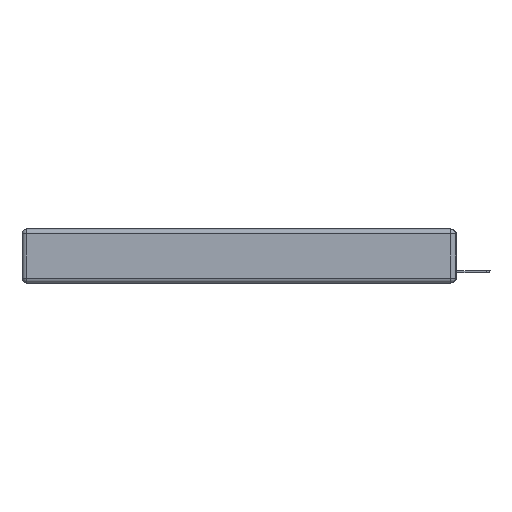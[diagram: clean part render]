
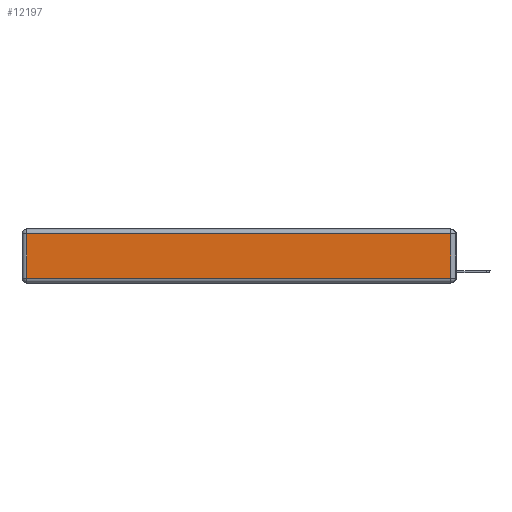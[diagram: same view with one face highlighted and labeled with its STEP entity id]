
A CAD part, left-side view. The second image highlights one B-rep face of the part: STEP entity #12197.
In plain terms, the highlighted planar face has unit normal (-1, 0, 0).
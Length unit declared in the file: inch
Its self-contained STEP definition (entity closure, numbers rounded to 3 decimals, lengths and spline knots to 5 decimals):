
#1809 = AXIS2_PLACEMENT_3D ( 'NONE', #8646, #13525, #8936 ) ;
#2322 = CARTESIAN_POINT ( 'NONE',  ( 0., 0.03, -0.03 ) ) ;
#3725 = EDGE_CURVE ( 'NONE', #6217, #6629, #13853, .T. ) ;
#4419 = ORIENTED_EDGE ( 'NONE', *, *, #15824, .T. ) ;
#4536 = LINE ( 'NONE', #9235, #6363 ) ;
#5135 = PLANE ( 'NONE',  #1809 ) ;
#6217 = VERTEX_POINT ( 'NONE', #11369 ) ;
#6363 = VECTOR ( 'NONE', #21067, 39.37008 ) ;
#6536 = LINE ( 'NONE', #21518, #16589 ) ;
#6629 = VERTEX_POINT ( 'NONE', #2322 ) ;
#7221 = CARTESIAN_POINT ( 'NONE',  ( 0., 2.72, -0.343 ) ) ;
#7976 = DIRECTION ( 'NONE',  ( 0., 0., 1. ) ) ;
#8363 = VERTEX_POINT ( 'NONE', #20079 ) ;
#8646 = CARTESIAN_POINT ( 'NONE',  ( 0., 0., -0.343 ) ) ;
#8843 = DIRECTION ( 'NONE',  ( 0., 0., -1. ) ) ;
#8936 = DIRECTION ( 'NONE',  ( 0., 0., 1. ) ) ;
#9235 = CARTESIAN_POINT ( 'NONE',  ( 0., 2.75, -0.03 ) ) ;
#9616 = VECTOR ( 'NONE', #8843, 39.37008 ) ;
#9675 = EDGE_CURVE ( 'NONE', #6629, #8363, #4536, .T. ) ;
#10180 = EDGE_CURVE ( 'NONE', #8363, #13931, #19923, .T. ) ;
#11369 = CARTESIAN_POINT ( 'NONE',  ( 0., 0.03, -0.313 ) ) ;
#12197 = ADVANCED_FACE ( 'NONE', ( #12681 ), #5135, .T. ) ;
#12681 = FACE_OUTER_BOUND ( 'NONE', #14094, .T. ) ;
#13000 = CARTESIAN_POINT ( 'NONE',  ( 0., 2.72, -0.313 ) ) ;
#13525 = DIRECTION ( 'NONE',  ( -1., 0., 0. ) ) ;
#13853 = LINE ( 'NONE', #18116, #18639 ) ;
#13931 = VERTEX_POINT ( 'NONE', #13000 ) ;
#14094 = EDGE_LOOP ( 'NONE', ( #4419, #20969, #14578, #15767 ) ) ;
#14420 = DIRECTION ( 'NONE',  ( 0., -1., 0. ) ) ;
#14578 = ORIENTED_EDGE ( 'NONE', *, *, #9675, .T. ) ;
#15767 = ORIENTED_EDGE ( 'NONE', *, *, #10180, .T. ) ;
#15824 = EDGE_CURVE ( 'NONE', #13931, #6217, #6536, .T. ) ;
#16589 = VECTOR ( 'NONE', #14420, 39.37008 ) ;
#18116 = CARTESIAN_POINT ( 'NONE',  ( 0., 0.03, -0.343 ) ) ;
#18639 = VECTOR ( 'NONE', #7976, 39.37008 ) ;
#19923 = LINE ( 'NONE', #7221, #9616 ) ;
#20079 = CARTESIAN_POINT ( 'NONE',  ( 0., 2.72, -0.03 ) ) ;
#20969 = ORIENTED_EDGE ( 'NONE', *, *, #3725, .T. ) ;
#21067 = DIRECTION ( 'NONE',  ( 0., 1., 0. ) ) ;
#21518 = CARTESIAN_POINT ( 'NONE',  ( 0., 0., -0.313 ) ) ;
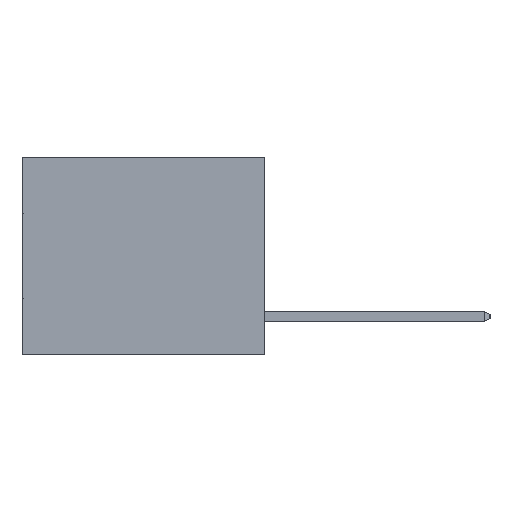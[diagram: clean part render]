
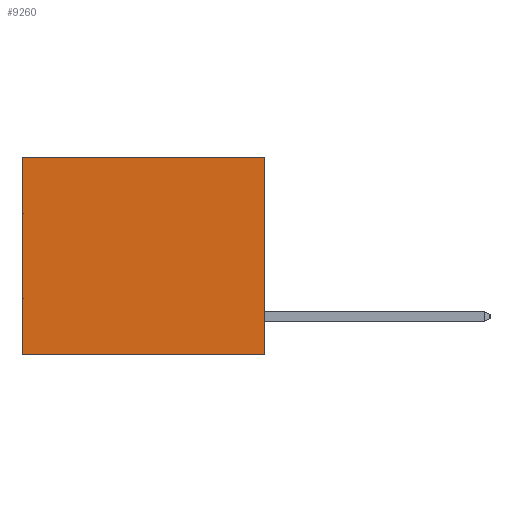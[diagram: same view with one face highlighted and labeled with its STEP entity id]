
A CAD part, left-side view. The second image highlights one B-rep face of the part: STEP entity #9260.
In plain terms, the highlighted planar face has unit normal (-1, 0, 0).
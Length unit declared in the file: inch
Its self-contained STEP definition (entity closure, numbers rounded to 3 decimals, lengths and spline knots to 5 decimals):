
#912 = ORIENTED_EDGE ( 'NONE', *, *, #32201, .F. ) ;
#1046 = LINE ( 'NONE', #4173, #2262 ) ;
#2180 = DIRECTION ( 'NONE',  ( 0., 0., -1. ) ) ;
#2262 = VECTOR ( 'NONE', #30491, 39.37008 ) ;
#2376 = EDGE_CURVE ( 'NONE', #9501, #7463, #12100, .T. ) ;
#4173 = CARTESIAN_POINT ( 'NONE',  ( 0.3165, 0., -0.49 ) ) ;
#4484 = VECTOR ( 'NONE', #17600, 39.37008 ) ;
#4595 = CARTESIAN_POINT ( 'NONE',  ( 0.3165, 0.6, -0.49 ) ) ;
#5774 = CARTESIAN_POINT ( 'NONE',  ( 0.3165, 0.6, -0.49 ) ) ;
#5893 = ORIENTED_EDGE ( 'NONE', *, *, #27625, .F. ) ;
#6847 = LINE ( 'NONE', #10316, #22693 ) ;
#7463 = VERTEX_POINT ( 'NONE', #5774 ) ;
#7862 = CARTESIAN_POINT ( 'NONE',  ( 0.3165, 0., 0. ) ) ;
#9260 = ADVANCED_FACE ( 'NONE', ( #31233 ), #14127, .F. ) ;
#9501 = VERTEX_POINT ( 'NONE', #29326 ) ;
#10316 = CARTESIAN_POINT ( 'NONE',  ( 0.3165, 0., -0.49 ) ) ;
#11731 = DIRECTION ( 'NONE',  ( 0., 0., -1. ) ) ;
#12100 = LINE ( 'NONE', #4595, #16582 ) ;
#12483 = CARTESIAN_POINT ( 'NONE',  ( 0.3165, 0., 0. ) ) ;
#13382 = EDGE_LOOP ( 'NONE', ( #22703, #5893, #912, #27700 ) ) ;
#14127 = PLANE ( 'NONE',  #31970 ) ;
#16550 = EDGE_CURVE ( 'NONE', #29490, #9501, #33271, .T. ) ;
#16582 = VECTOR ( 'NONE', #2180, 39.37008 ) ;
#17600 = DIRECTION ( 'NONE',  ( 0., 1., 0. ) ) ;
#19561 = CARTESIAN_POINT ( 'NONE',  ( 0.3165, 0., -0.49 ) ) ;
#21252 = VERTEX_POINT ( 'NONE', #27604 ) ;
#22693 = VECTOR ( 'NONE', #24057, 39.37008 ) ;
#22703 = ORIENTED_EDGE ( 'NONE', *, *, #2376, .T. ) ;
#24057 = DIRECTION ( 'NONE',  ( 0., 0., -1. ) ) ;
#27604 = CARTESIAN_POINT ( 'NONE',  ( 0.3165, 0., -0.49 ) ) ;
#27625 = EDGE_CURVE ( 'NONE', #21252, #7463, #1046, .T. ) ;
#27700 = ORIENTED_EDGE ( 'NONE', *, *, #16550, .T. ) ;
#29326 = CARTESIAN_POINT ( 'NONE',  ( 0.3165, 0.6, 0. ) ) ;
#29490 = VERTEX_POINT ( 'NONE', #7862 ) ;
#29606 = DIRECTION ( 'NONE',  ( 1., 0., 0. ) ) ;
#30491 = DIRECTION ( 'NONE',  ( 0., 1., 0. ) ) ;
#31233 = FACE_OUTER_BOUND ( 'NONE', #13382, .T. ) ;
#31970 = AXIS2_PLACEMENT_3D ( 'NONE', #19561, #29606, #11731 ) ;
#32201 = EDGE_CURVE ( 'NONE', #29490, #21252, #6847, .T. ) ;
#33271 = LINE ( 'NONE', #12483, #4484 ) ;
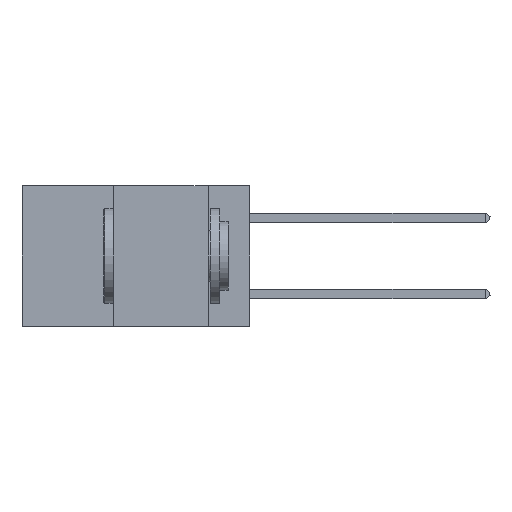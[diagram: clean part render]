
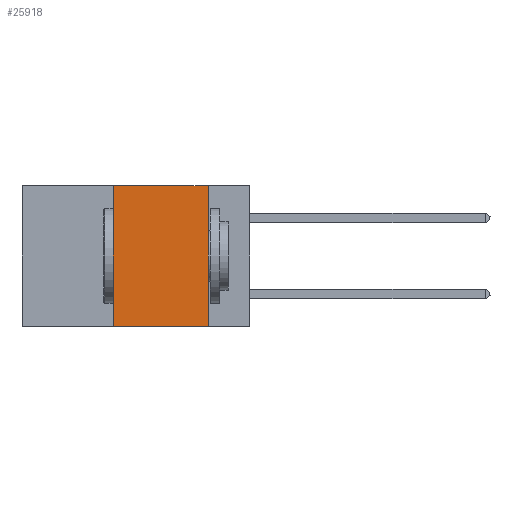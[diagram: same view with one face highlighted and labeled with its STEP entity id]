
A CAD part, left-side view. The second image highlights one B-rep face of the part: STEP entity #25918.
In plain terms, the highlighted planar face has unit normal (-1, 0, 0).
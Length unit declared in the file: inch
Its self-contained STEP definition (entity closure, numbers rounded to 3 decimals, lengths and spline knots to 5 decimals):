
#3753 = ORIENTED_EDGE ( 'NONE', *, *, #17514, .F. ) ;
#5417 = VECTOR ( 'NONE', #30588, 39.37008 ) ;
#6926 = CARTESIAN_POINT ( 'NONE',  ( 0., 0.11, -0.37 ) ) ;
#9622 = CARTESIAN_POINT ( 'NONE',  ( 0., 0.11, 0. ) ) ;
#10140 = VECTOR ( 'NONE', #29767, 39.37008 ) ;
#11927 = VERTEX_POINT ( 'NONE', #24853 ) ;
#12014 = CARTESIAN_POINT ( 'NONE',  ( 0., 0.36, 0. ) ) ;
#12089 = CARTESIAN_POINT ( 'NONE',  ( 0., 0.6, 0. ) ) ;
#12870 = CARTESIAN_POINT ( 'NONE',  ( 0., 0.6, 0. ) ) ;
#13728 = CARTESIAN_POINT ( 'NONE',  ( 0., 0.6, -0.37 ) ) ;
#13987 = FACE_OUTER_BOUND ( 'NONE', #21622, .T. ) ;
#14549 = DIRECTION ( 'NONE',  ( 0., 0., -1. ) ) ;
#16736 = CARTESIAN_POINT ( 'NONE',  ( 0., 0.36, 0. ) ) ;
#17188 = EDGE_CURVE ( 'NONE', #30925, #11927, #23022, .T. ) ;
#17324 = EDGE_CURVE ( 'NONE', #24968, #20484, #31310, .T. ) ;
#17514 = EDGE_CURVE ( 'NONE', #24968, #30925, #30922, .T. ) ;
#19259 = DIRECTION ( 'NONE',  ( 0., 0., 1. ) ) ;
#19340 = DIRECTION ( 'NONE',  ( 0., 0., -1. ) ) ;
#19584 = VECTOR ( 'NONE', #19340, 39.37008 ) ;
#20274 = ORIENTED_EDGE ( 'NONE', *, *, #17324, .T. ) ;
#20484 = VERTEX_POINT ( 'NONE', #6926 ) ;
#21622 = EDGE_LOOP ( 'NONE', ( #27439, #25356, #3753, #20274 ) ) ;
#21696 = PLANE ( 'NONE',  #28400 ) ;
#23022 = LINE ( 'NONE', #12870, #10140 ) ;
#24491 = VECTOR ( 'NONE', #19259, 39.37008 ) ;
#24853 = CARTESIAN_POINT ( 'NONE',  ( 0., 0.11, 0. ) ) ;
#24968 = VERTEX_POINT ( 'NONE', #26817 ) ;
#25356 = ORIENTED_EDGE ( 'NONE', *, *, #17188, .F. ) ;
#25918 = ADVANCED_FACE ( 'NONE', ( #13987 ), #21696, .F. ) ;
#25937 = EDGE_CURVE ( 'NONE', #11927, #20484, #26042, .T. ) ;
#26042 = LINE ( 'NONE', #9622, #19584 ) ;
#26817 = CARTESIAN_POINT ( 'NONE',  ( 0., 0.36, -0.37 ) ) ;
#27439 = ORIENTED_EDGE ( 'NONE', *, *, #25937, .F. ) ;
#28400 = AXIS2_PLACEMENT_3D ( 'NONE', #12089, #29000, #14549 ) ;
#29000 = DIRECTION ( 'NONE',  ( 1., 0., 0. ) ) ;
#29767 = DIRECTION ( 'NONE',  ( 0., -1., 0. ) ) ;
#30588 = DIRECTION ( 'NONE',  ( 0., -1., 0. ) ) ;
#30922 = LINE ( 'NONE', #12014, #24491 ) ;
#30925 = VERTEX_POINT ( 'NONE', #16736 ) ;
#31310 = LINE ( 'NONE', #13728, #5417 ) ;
____________________
• **WHAT YOU WILL DO**:
Would you output only the span of the records above that opens with the line containing "#21252 = VERTEX_POINT ( 'NONE', #27604 ) ;" and closes with the line containing "#16736 = CARTESIAN_POINT", ends included and pictures dropped?

• **SOLVED PROBLEM**:
#21252 = VERTEX_POINT ( 'NONE', #27604 ) ;
#22693 = VECTOR ( 'NONE', #24057, 39.37008 ) ;
#22703 = ORIENTED_EDGE ( 'NONE', *, *, #2376, .T. ) ;
#24057 = DIRECTION ( 'NONE',  ( 0., 0., -1. ) ) ;
#27604 = CARTESIAN_POINT ( 'NONE',  ( 0.3165, 0., -0.49 ) ) ;
#27625 = EDGE_CURVE ( 'NONE', #21252, #7463, #1046, .T. ) ;
#27700 = ORIENTED_EDGE ( 'NONE', *, *, #16550, .T. ) ;
#29326 = CARTESIAN_POINT ( 'NONE',  ( 0.3165, 0.6, 0. ) ) ;
#29490 = VERTEX_POINT ( 'NONE', #7862 ) ;
#29606 = DIRECTION ( 'NONE',  ( 1., 0., 0. ) ) ;
#30491 = DIRECTION ( 'NONE',  ( 0., 1., 0. ) ) ;
#31233 = FACE_OUTER_BOUND ( 'NONE', #13382, .T. ) ;
#31970 = AXIS2_PLACEMENT_3D ( 'NONE', #19561, #29606, #11731 ) ;
#32201 = EDGE_CURVE ( 'NONE', #29490, #21252, #6847, .T. ) ;
#33271 = LINE ( 'NONE', #12483, #4484 ) ;
[diagram: clean part render]
[diagram: same view with one face highlighted and labeled with its STEP entity id]
A CAD part, left-side view. The second image highlights one B-rep face of the part: STEP entity #25918.
In plain terms, the highlighted planar face has unit normal (-1, 0, 0).
Length unit declared in the file: inch
Its self-contained STEP definition (entity closure, numbers rounded to 3 decimals, lengths and spline knots to 5 decimals):
#3753 = ORIENTED_EDGE ( 'NONE', *, *, #17514, .F. ) ;
#5417 = VECTOR ( 'NONE', #30588, 39.37008 ) ;
#6926 = CARTESIAN_POINT ( 'NONE',  ( 0., 0.11, -0.37 ) ) ;
#9622 = CARTESIAN_POINT ( 'NONE',  ( 0., 0.11, 0. ) ) ;
#10140 = VECTOR ( 'NONE', #29767, 39.37008 ) ;
#11927 = VERTEX_POINT ( 'NONE', #24853 ) ;
#12014 = CARTESIAN_POINT ( 'NONE',  ( 0., 0.36, 0. ) ) ;
#12089 = CARTESIAN_POINT ( 'NONE',  ( 0., 0.6, 0. ) ) ;
#12870 = CARTESIAN_POINT ( 'NONE',  ( 0., 0.6, 0. ) ) ;
#13728 = CARTESIAN_POINT ( 'NONE',  ( 0., 0.6, -0.37 ) ) ;
#13987 = FACE_OUTER_BOUND ( 'NONE', #21622, .T. ) ;
#14549 = DIRECTION ( 'NONE',  ( 0., 0., -1. ) ) ;
#16736 = CARTESIAN_POINT ( 'NONE',  ( 0., 0.36, 0. ) ) ;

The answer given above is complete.